Mac World Expo Tokyo 2000 Report (4)
最終更新 2000/06/04
このページには Mac World Expo Tokyo 2000 についての個人的なレポートを掲載しています。
この情報はあくまでも私個人の感じたレポートです。これが絶対正しいとは限りません。みなさん個人の価値観で判断して下さい。特に極秘情報などは書きません。(知りません。(^^;))公開された情報だけです。
また、ほめたり、苦言を呈したりしていますが、何ら利害関係はありません。ただ、少しでも良くなって欲しいと期待しているだけです。
4)iToolsについて
1月のSan Fransisco Expoで発表されたアップルのインターネットサービスであるiToolsはほとんど紹介されませんでした。単に日本語でのサービスも準備しているというだけの紹介であり、あまりの淡白さに驚いてしまいました。日本人が英語を使えないため説明しても無駄だと思ったのでしょう。我々も頑張って英語程度は使えるようにならないといけません。時間的制約もあったのでしょうが、残念です。
iTools
- 私の解る範囲で補足しておきます。iToolsは北米でのサービスではありますが、英語さえ読み書きできれば日本のMac OS 9ユーザでも使えるようになったそうです。

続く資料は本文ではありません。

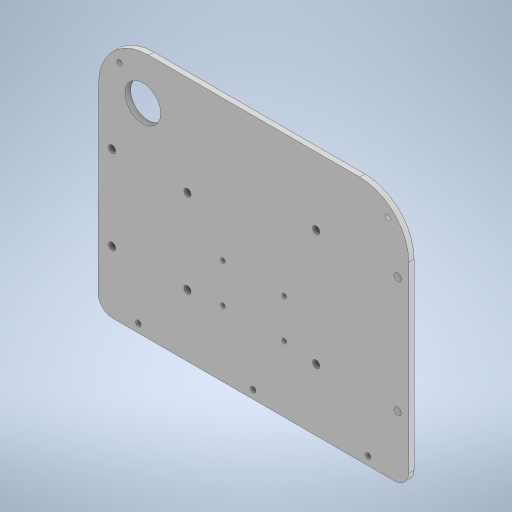
# Autodesk Inventor part: Final_Back_Cover_1
Saved by Autodesk Inventor 2023.5 (Build 275446020, 446B)
## iProperties
Created: 2025-04-13
Part Number: Final_Back_Cover_1
Material: Generic
Document SubType Name: Modeling
Designer: Lucky
Density: 1 g/cm^3
Appearance: Default
Author: Lucky
Autodesk Inventor part; units mm, degrees
ref_plane "YZ Plane" through (0, 0, 0) normal (1, 0, 0) x (0, 1, 0)
ref_plane "XZ Plane" through (0, 0, 0) normal (0, 1, 0) x (-1, 0, 0)
ref_plane "XY Plane" through (0, 0, 0) normal (0, 0, 1) x (1, 0, 0)
sketch "Sketch1" plane through (0, 0, 0) normal (0, 0, 1) x (1, 0, 0)
  arc A0 (-85.6258, 79.4796) -> (-116.0775, 49.6172) centre (-86.1702, 49.5773) ccw
  line L0 (-85.6258, 79.4796) -> (33.3305, 79.4959)
  arc A1 (63.2389, 49.5916) -> (33.3305, 79.4959) centre (33.3346, 49.5916) ccw
  line L1 (63.2389, -50.9075) -> (63.2389, 49.5916)
  line L2 (63.2389, 49.5916) -> (63.2389, -53.5021)
  line L3 (-116.0775, 49.6172) -> (-116.3855, -51.7391)
  line L4 (-116.0775, 49.6172) -> (-116.0775, -50.4074)
  arc A2 (-116.3855, -51.7391) -> (-106.0129, -63.5021) centre (-106.0129, -53.0473) ccw
  line L5 (-106.0129, -63.5021) -> (53.2389, -63.5021)
  arc A3 (53.2389, -63.5021) -> (63.2389, -53.5021) centre (53.2389, -53.5021) ccw
  arc A4 (-86.7039, 77.4795) -> (-114.0775, 49.6129) centre (-86.1702, 49.5773) ccw
  line L6 (-86.7039, 77.4795) -> (33.3308, 77.4959)
  arc A5 (61.2389, 49.5916) -> (33.3308, 77.4959) centre (33.3346, 49.5916) ccw
  line L7 (61.2389, 49.5916) -> (61.2389, -53.5021)
  arc A6 (53.2389, -61.5021) -> (61.2389, -53.5021) centre (53.2389, -53.5021) ccw
  line L8 (53.2389, -61.5021) -> (-106.0129, -61.5021)
  arc A7 (-114.3859, -51.8743) -> (-106.0129, -61.5021) centre (-106.0129, -53.0473) ccw
  line L9 (-114.3859, -51.8743) -> (-114.0775, 49.6129)
  line L10 (33.3308, 77.2959) -> (-85.6461, 77.2796)
  arc A8 (-85.6461, 77.2796) -> (-113.8775, 49.6124) centre (-86.1702, 49.5773) ccw
  line L11 (-113.8775, 49.6124) -> (-114.1859, -51.8886)
  arc A9 (-114.1859, -51.8886) -> (-106.0129, -61.3021) centre (-106.0129, -53.0473) ccw
  line L12 (-106.0129, -61.3021) -> (53.2389, -61.3021)
  arc A10 (53.2389, -61.3021) -> (61.0389, -53.5021) centre (53.2389, -53.5021) ccw
  line L13 (61.0389, -53.5021) -> (61.0389, 49.5916)
  arc A11 (61.0389, 49.5916) -> (33.3308, 77.2959) centre (33.3346, 49.5916) ccw
  circle A12 centre (-102.0292, 65.4774) radius 1.5
  circle A13 centre (49.2389, 65.498) radius 1.5
  circle A14 centre (-26.6496, -56.5021) radius 1.5
  circle A15 centre (-91.3999, -56.5021) radius 1.5
  circle A16 centre (38.2389, -56.5021) radius 1.5
  line L14 (-116.0775, -2.0021) -> (63.2389, -2.0021)
  line L15 (-43.7191, -2.0021) -> (-9.1191, -2.0021)
  line L16 (-9.1191, -2.0021) -> (-9.1191, -24.0021)
  line L17 (-9.1191, -24.0021) -> (-43.7191, -24.0021)
  line L18 (-43.7191, -24.0021) -> (-43.7191, -2.0021)
  circle A17 centre (-43.7191, -2.0021) radius 1.25
  circle A18 centre (-9.1191, -2.0021) radius 1.25
  circle A19 centre (-9.1191, -24.0021) radius 1.25
  circle A20 centre (-43.7191, -24.0021) radius 1.25
  line L19 (-63.7191, 9.7883) -> (-63.7191, -26.3021)
  circle A21 centre (-63.7191, 21.1979) radius 2
  circle A22 centre (-63.7191, -26.3021) radius 2
  line L20 (-63.7191, 21.1979) -> (-106.2191, 21.1979)
  line L21 (-63.7191, -26.3021) -> (-106.2191, -26.3021)
  line L22 (-106.2191, -26.3021) -> (-106.2191, 21.1979)
  circle A23 centre (-106.2191, 21.1979) radius 2
  circle A24 centre (-106.2191, -26.3021) radius 2
  line L23 (-63.7191, 9.7883) -> (-63.7191, 21.1979)
  line L24 (-109.1691, 24.1479) -> (-60.7691, 24.1479)
  line L25 (-60.7691, 24.1479) -> (-60.7691, 9.7883)
  line L26 (-60.7691, 9.7883) -> (-60.7691, -29.2521)
  line L27 (-60.7691, -29.2521) -> (-109.1691, -29.2521)
  line L28 (-109.1691, -29.2521) -> (-109.1691, 24.1479)
  line L29 (8.8809, 39.1979) -> (54.8809, 39.1979)
  line L30 (54.8809, 39.1979) -> (54.8809, -26.3021)
  line L31 (54.8809, -26.3021) -> (8.8809, -26.3021)
  line L32 (8.8809, -26.3021) -> (8.8809, 39.1979)
  circle A25 centre (8.8809, 39.1979) radius 2
  circle A26 centre (54.8809, 39.1979) radius 2
  circle A27 centre (8.8809, -26.3021) radius 2
  circle A28 centre (54.8809, -26.3021) radius 2
  circle A29 centre (-88.8693, 52.2792) radius 10
  point P0 (0, 0)
  point P1 (44.321, -53.9075)
  point P2 (51.321, -50.9075)
  point P3 (-9.1191, -13.0021)
  point P4 (-84.9691, -26.3021)
  dimension "d0" = 10
  dimension "d1" = 2
  dimension "d2" = 0.2
  dimension "d3" = 3
  dimension "d4" = 3
  dimension "d5" = 3
  dimension "d6" = 3
  dimension "d7" = 3
  dimension "d8" = 14
  dimension "d9" = 14
  dimension "d10" = 14
  dimension "d11" = 14
  dimension "d12" = 89.75
  dimension "d13" = 7
  dimension "d14" = 7
  dimension "d15" = 7
  dimension "d16" = 25
  dimension "d17" = 25
  dimension "d20" = 61.5
  dimension "d21" = 34.6
  dimension "d22" = 22
  dimension "d23" = 2.5
  dimension "d24" = 2.5
  dimension "d25" = 2.5
  dimension "d26" = 2.5
  dimension "d27" = 0
  dimension "d28" = 179.3164
  dimension "d29" = 72.358
  dimension "d32" = 20
  dimension "d33" = 47.5
  dimension "d34" = 4
  dimension "d35" = 4
  dimension "d36" = 42.5
  dimension "d37" = 4
  dimension "d38" = 4
  dimension "d39" = 48.4
  dimension "d51" = 46
  dimension "d52" = 65.5
  dimension "d53" = 18
  dimension "d54" = 35
  dimension "d55" = 35
  dimension "d56" = 4
  dimension "d57" = 4
  dimension "d58" = 4
  dimension "d59" = 4
  dimension "d62" = 20
  dimension "d63" = 25
  dimension "d64" = 25
  constraints: 66 end point, 29 centre point, 23 point on circle, 10 coincident, 6 horizontal, 5 perpendicular, 4 parallel, 4 point on line, 4 vertical, 2 midpoint, 2 tangent, 22 other
  measures "d0" radius of A3
  measures "d1" radial gap between concentric circles of A0 A4
  measures "d2" distance between parallel lines of L6 L10
  measures "d3" diameter of A12
  measures "d4" diameter of A13
  measures "d5" diameter of A14
  measures "d6" diameter of A15
  measures "d7" diameter of A16
  measures "d8" distance from line of A12.centre L0
  measures "d9" distance from line of L3 A12.centre
  measures "d10" distance from line of L0 A13.centre
  measures "d11" distance from line of L1 A13.centre
  measures "d12" distance from line of L3 A14.centre
  measures "d13" distance from line of L5 A14.centre
  measures "d14" distance from line of L5 A15.centre
  measures "d15" distance from line of L5 A16.centre
  measures "d16" distance from line of L3 A15.centre
  measures "d17" distance from line of L2 A16.centre
  measures "d20" distance between parallel lines of L5 L14
  measures "d21" distance of L16.end L17.end
  measures "d22" distance of L15.end L16.end
  measures "d23" diameter of A17
  measures "d24" diameter of A18
  measures "d25" diameter of A19
  measures "d26" diameter of A20
  measures "d27" distance between parallel lines of L15 L14
  measures "d28" distance between parallel lines of L1 L4
  measures "d29" distance between parallel lines of L1 L16
  measures "d32" distance between parallel lines of L18 L19
  measures "d33" distance of L19.end L20.start
  measures "d34" diameter of A21
  measures "d35" diameter of A22
  measures "d36" distance of L20.end L20.start
  measures "d37" diameter of A23
  measures "d38" diameter of A24
  measures "d39" distance between parallel lines of L28 L26
  measures "d51" distance of L30.end L31.end
  measures "d52" distance of L29.end L30.end
  measures "d53" distance from line of point (-9.119, -13.002) L32
  measures "d54" distance from line of L12 point (-84.969, -26.302)
  measures "d55" distance between parallel lines of L12 L31
  measures "d56" diameter of A25
  measures "d57" diameter of A26
  measures "d58" diameter of A27
  measures "d59" diameter of A28
  measures "d62" diameter of A29
  measures "d63" distance from line of L10 A29.centre
  measures "d64" distance from line of L11 A29.centre
extrude "Extrusion1" add sketch "Sketch1" along normal blind 3 contours L14 L28 L27 L26 A17 L18 A20 L17 A19 L16 A18 L32 A27 L31 A28 L30 L13 A10 L12 A9 L11 | L11 A8 L10 A11 L13 L14 L30 A26 L29 A25 L32 A18 A17 L26 L25 L24 L28 | L28 L24 L25 L26 L14 L19 L23 A21 L20 A23 L22 | L14 L22 A24 L21 A22 L19 L26 L27 L28 | L22 A23 L20 A21 L23 L19 L14 | L14 L19 A22 L21 A24 L22 | L30 A28 L31 A27 L32 L14 | L14 L32 A25 L29 A26 L30 | A24 L21 L22 | L22 L21 A24 | A23 L20 L22 | L22 L20 A23 | A26 L29 L30 | L30 L29 A26 | A28 L31 L30 | L30 L31 A28 | A22 L21 L19 | L19 L21 A22 | A18 L16 L14 | L14 A18 | A27 L31 L32 | L32 L31 A27 | A25 L29 L32 | L32 L29 A25 | A17 L14 | L14 L18 A17 | L23 L20 A21 | A21 L20 L23 | L16 A18 L14 | A18 L16 A19 L17 A20 L18 A17 L14 | L14 A17 L18 | A19 L17 L16 | L16 L17 A19 | A20 L17 L18 | L18 L17 A20 | A29
extrude "Extrusion2" cut sketch "Sketch1" along normal up to surface (3 mm away) contours A18 L16 L14 | L14 A18 | A17 L14 | L14 L18 A17 | L16 A18 L14 | L14 A17 L18 | A19 L17 L16 | L16 L17 A19 | A20 L17 L18 | L18 L17 A20
extrude "Extrusion3" cut sketch "Sketch1" along normal blind 3 contours A24 L21 L22 | L22 L21 A24 | A23 L20 L22 | L22 L20 A23 | A22 L21 L19 | L19 L21 A22 | L23 L20 A21 | A21 L20 L23
extrude "Extrusion5" cut sketch "Sketch1" along normal up to surface (3 mm away) contours A26 L29 L30 | L30 L29 A26 | A28 L31 L30 | L30 L31 A28 | A27 L31 L32 | L32 L31 A27 | A25 L29 L32 | L32 L29 A25
extrude "Extrusion6" cut sketch "Sketch1" along normal blind 3 contours A29
body "Solid1"

つまり、全て英語で登録すればちゃんと「Japan」が選択でき、iToolsのサービスが利用できるわけです。
- iToolsはフリーメールの「Mac.com」、20MBのフリーホームページの「iDisk」、 HomePageのテンプレートサービスの「HomePage」、「有害」サイトに接続できないようにする「KidSafe」、インターネットポータルサイトの「iReview」、グリーティングカードサービスの「iCards」から構成されています。
- 同様のサービスはインターネットポータルサイトなどで行われていますが、アップルらしい味付けがされており、使いやすいようです。特にiDiskは単にホームページスペースにとどまりません。デスクトップにマウントできるので自分のHDDと同じように使えるのです。通常のフリーホームページはHTMLが理解できないとファイル保存スペースとしては使えませんから、大きなアドバンテージです。自分のHDDと同じように使えるので緊急時に使えそうです。出張中にHDDがクラッシュしてHDDの中身を全て失っても最低限必要なファイルを置いておけばiDiskから利用できるわけです。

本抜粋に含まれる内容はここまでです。